Camilla Sparv (born 3 June 1943) is a Swedish actress.

Career
Sparv was born in Stockholm, Sweden, on 3 June 1943. She was awarded a Golden Globe as Most Promising Newcomer (female) in 1967 for her role opposite James Coburn in Dead Heat on a Merry-Go-Round (1966). She also appeared in such films as Murderers' Row (1966), The Trouble with Angels (1966), Assignment K (1968), Nobody Runs Forever (1968), Mackenna's Gold (1969), Downhill Racer (1969), The Greek Tycoon (1978), Caboblanco (1980), and Survival Zone (1983), as well as the television shows Airwolf, The Rockford Files (SE2EP19), The Love Boat, Hawaii Five-O and the miniseries Jacqueline Susann's Valley of the Dolls (1981).
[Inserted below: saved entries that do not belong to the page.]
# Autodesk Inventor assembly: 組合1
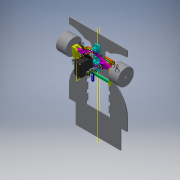
[picture p0: Inventor's stored thumbnail of the model, 180x180]
Saved by Autodesk Inventor 2019 (Build 230136000, 136)
## iProperties
Created: 2020-03-19
Part Number: 組合1
Material: 一般
Document SubType Name: Assembly
Designer: 吳昇峻
Author: 吳昇峻
## Documents named in this file (15)
- C:\Users\user\Desktop\機工實務\0320最終\組合1.iam
- C:\Users\user\Desktop\機工實務\0320最終\a臂鎖.ipt
- C:\Users\user\Desktop\機工實務\0320最終\底盤新.ipt
- C:\Users\user\Desktop\機工實務\0320最終\下a臂.ipt
- C:\Users\user\Desktop\機工實務\0320最終\羊角.ipt
- C:\Users\user\Desktop\機工實務\0320最終\阿克曼長軸.ipt
- C:\Users\user\Desktop\機工實務\0320最終\防傾桿.ipt
- C:\Users\user\Desktop\機工實務\0320最終\轉向軸.ipt
- C:\Users\user\Desktop\機工實務\0320最終\m3_30.ipt
- C:\Users\user\Desktop\機工實務\0320最終\Servomotor.ipt
- C:\Users\user\Desktop\機工實務\0320最終\Servomotor-1.ipt
- C:\Users\user\Desktop\機工實務\0320最終\上底盤新.ipt
- C:\Users\user\Desktop\機工實務\0320最終\前輪.ipt
- C:\Users\user\Desktop\機工實務\0320最終\避震.ipt
- C:\Users\user\Desktop\機工實務\0320最終\避震器上部.ipt
## Components (19 placed, 14 different names)
1. a臂鎖:1 — 貼合:1, 圓柱:1, 圓柱:3, 貼合:3, Cylindrical:18, Mate:16
2. 底盤新:1 — 貼合:1, 圓柱:1, Mate:12, Mate:13, Flush:2
3. 下a臂:2 — 圓柱:3, 貼合:3, 圓柱:4, 貼合:4, Cylindrical:21, Mate:18
4. 羊角:2 — 圓柱:4, 貼合:4, 圓柱:7, Cylindrical:16, Mate:14, Cylindrical:25
5. 羊角:3 — 圓柱:6, 貼合:6, Cylindrical:17, Mate:15, Cylindrical:19, Cylindrical:24, Mate:19, 貼合:20
6. 阿克曼長軸:1 — 圓柱:6, 貼合:6, 圓柱:7, 圓柱:10, 齊平:1, Mate:9
7. 轉向軸:1 — Tangent:1, Cylindrical:15, Mate:9, Mate:10, Mate:11
8. m3_30:1 — 圓柱:10, 齊平:1, Tangent:1
9. Servomotor:1 — Cylindrical:14, Mate:8
10. Servomotor-1:1 — Cylindrical:14, Mate:8, Cylindrical:15, Mate:10, Mate:11
11. 上底盤新:1 — Mate:12, Mate:13, Flush:2
12. 前輪:1 — Cylindrical:16, Mate:14
13. 前輪:2 — Cylindrical:17, Mate:15
14. 下a臂:3 — Cylindrical:18, Mate:16, Cylindrical:19, Cylindrical:20, Mate:17, 貼合:20
15. 避震:1 — Cylindrical:20, Mate:17, Cylindrical:22
16. 避震:2 — Cylindrical:21, Mate:18, Cylindrical:23
17. 避震器上部:1 — Cylindrical:22
18. 避震器上部:2 — Cylindrical:23
19. 防傾桿:1 — Cylindrical:24, Cylindrical:25, Mate:19
## Relationships (38: CylindricalJoint 18, Mate 17, Flush 2, Tangent 1)
- 貼合:1 [Mate]: a臂鎖:1 ↔ 底盤新:1
- 圓柱:1 [CylindricalJoint]: a臂鎖:1 ↔ 底盤新:1
- 圓柱:3 [CylindricalJoint]: a臂鎖:1 ↔ 下a臂:2
- 貼合:3 [Mate] (1 mm): a臂鎖:1 ↔ 下a臂:2
- 圓柱:4 [CylindricalJoint]: 下a臂:2 ↔ 羊角:2
- 貼合:4 [Mate] (0.5 mm): 下a臂:2 ↔ 羊角:2
- 圓柱:6 [CylindricalJoint]: 羊角:3 ↔ 阿克曼長軸:1
- 貼合:6 [Mate] (2 mm): 羊角:3 ↔ 阿克曼長軸:1
- 圓柱:7 [CylindricalJoint]: 羊角:2 ↔ 阿克曼長軸:1
- 圓柱:10 [CylindricalJoint]: 阿克曼長軸:1 ↔ m3_30:1
- 齊平:1 [Flush] (-5 mm): 阿克曼長軸:1 ↔ m3_30:1
- Cylindrical:14: Servomotor:1 ↔ Servomotor-1:1
- Mate:8 (1 mm): Servomotor:1 ↔ Servomotor-1:1
- Tangent:1 (0.3 mm): 轉向軸:1 ↔ m3_30:1
- Cylindrical:15: 轉向軸:1 ↔ Servomotor-1:1
- Mate:9 (3 mm): 阿克曼長軸:1 ↔ 轉向軸:1
- Mate:10: 轉向軸:1 ↔ Servomotor-1:1
- Mate:11: 轉向軸:1 ↔ Servomotor-1:1
- Mate:12: 底盤新:1 ↔ 上底盤新:1
- Mate:13 (35.967 mm): 底盤新:1 ↔ 上底盤新:1
- Flush:2: 底盤新:1 ↔ 上底盤新:1
- Cylindrical:16: 羊角:2 ↔ 前輪:1
- Mate:14 (1 mm): 羊角:2 ↔ 前輪:1
- Cylindrical:17: 羊角:3 ↔ 前輪:2
- Mate:15 (1 mm): 羊角:3 ↔ 前輪:2
- Cylindrical:18: a臂鎖:1 ↔ 下a臂:3
- Mate:16 (1 mm): a臂鎖:1 ↔ 下a臂:3
- Cylindrical:19: 羊角:3 ↔ 下a臂:3
- Cylindrical:20: 下a臂:3 ↔ 避震:1
- Mate:17 (0.3 mm): 下a臂:3 ↔ 避震:1
- Cylindrical:21: 下a臂:2 ↔ 避震:2
- Mate:18 (0.3 mm): 下a臂:2 ↔ 避震:2
- Cylindrical:22: 避震:1 ↔ 避震器上部:1
- Cylindrical:23: 避震:2 ↔ 避震器上部:2
- Cylindrical:24: 羊角:3 ↔ 防傾桿:1
- Cylindrical:25: 羊角:2 ↔ 防傾桿:1
- Mate:19 (1 mm): 羊角:3 ↔ 防傾桿:1
- 貼合:20 [Mate]: 羊角:3 ↔ 下a臂:3
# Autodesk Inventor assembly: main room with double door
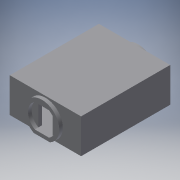
[picture p0: Inventor's stored thumbnail of the model, 180x180]
Saved by Autodesk Inventor 2017 (Build 210142000, 142)
## iProperties
Created: 2018-03-03
Part Number: main room with double door
Document SubType Name: Assembly
Designer: Braxton
Author: Braxton
## Documents named in this file (3)
- E:\School\Game develpment\geoscape\done\rooms\assembly\main room with double door.iam
- E:\School\Game develpment\geoscape\done\rooms\starting room.ipt
- E:\School\Game develpment\geoscape\done\doors\double door.ipt
## Components (3 placed, 3 different names)
1. starting room:1 — Mate:1, Mate:2, Flush:1, Mate:3, Mate:4, Flush:2
2. right double door:1 — Mate:1, Mate:2, Flush:1
3. left double door:2 — Mate:3, Mate:4, Flush:2
## Relationships (6: Mate 4, Flush 2)
- Mate:1: starting room:1 ↔ right double door:1
- Mate:2: starting room:1 ↔ right double door:1
- Flush:1: starting room:1 ↔ right double door:1
- Mate:3: starting room:1 ↔ left double door:2
- Mate:4: starting room:1 ↔ left double door:2
- Flush:2: starting room:1 ↔ left double door:2
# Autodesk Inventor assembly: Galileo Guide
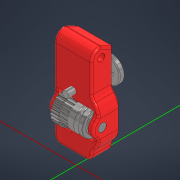
[picture p0: Inventor's stored thumbnail of the model, 180x180]
Saved by Autodesk Inventor 2022.2 (Build 262287010, 287A)
## iProperties
Created: 2022-03-15
Part Number: Galileo Guide
Document SubType Name: Assembly
Designer: sleib
Author: sleib
## Documents named in this file (5)
- C:\Users\sleib\Projekte\Voron-2\CAD\Inventor\Galileo Clockwork\Galileo Guide.iam
- C:\Users\sleib\Projekte\Voron-2\CAD\Inventor\Galileo Clockwork\Idler Guide.ipt
- C:\Users\sleib\Projekte\Voron-2\CAD\Inventor\Galileo Clockwork\Flygear.ipt
- C:\Users\sleib\Projekte\Voron-2\CAD\Inventor\Galileo Clockwork\Spring.ipt
- C:\Users\sleib\Projekte\Voron-2\CAD\Inventor\Galileo Clockwork\M3 Thumb Screw.ipt
## Components (4 placed, 4 different names)
1. Idler Guide:1 — Passend:1, Passend:2, Passend:3, Passend:4, Passend:5
2. Flygear:1 — Passend:1, Passend:2, Passend:3
3. Spring:1 — Passend:5, Passend:6
4. M3 Thumb Screw:1 — Passend:4, Passend:6
## Relationships (6: Mate 6)
- Passend:1 [Mate]: Idler Guide:1 ↔ Flygear:1
- Passend:2 [Mate]: Idler Guide:1 ↔ Flygear:1
- Passend:3 [Mate] (0.9 mm): Idler Guide:1 ↔ Flygear:1
- Passend:4 [Mate]: Idler Guide:1 ↔ M3 Thumb Screw:1
- Passend:5 [Mate]: Idler Guide:1 ↔ Spring:1
- Passend:6 [Mate]: Spring:1 ↔ M3 Thumb Screw:1
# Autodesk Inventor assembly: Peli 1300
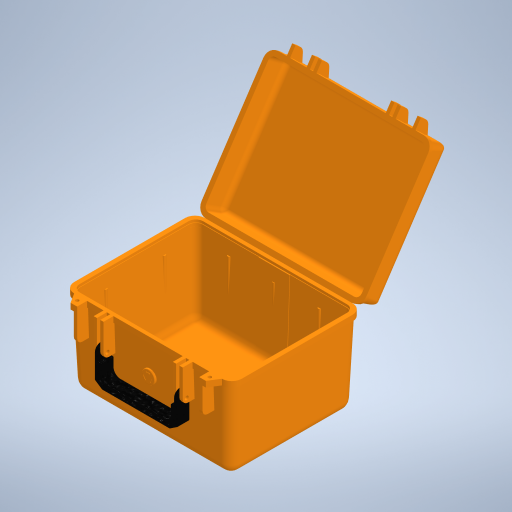
[picture p0: Inventor's stored thumbnail of the model, 512x512]
Saved by Autodesk Inventor 2023.1 (Build 271208000, 208)
## iProperties
Created: 2021-11-22
Part Number: Peli 1300
Description: STEP AP214
Document SubType Name: Assembly
Designer: Charlie Kendall
Sending System: SolidWorks 2018
Preprocessor: SwSTEP 2.0
Title: Peli 1300.STEP
Revision Number: ANY
## Documents named in this file (4)
- C:\Users\Charlie Kendall\Documents\Field Computer\Peli 1300.iam
- C:\Users\Charlie Kendall\Documents\Field Computer\Case and Bezel\1300-CASE-BOT.ipt
- C:\Users\Charlie Kendall\Documents\Field Computer\Case and Bezel\1300-CASE-TOP.ipt
- C:\Users\Charlie Kendall\Documents\Field Computer\Case and Bezel\handle.ipt
## Components (3 placed, 3 different names)
1. 1300-CASE-BOT_1 — Mate:1, Flush:1, Flush:2, Flush:3, Mate:2, Mate:3, Mate:4, Flush:4
2. 1300-CASE-TOP_2 — Mate:4, Flush:4
3. handle_3 — Mate:2, Mate:3
## Relationships (8: Mate 4, Flush 4)
- Mate:1: 1300-CASE-BOT_1
- Flush:1: 1300-CASE-BOT_1
- Flush:2: 1300-CASE-BOT_1
- Flush:3: 1300-CASE-BOT_1
- Mate:2: 1300-CASE-BOT_1 ↔ handle_3
- Mate:3: 1300-CASE-BOT_1 ↔ handle_3
- Mate:4: 1300-CASE-BOT_1 ↔ 1300-CASE-TOP_2
- Flush:4: 1300-CASE-BOT_1 ↔ 1300-CASE-TOP_2

In 1977, she appeared in "Never Con a Killer," the pilot for the ABC crime drama The Feather and Father Gang.

Personal life  
Sparv was briefly married to American film producer Robert Evans in 1965. Now retired, Sparv had two children by her second husband, Herbert W. Hoover III, and one child with her third, Fred Kolber.

References

External links

1943 births
Living people
Actresses from Stockholm
Swedish film actresses
New Star of the Year (Actress) Golden Globe winners
Evans family (Paramount Pictures)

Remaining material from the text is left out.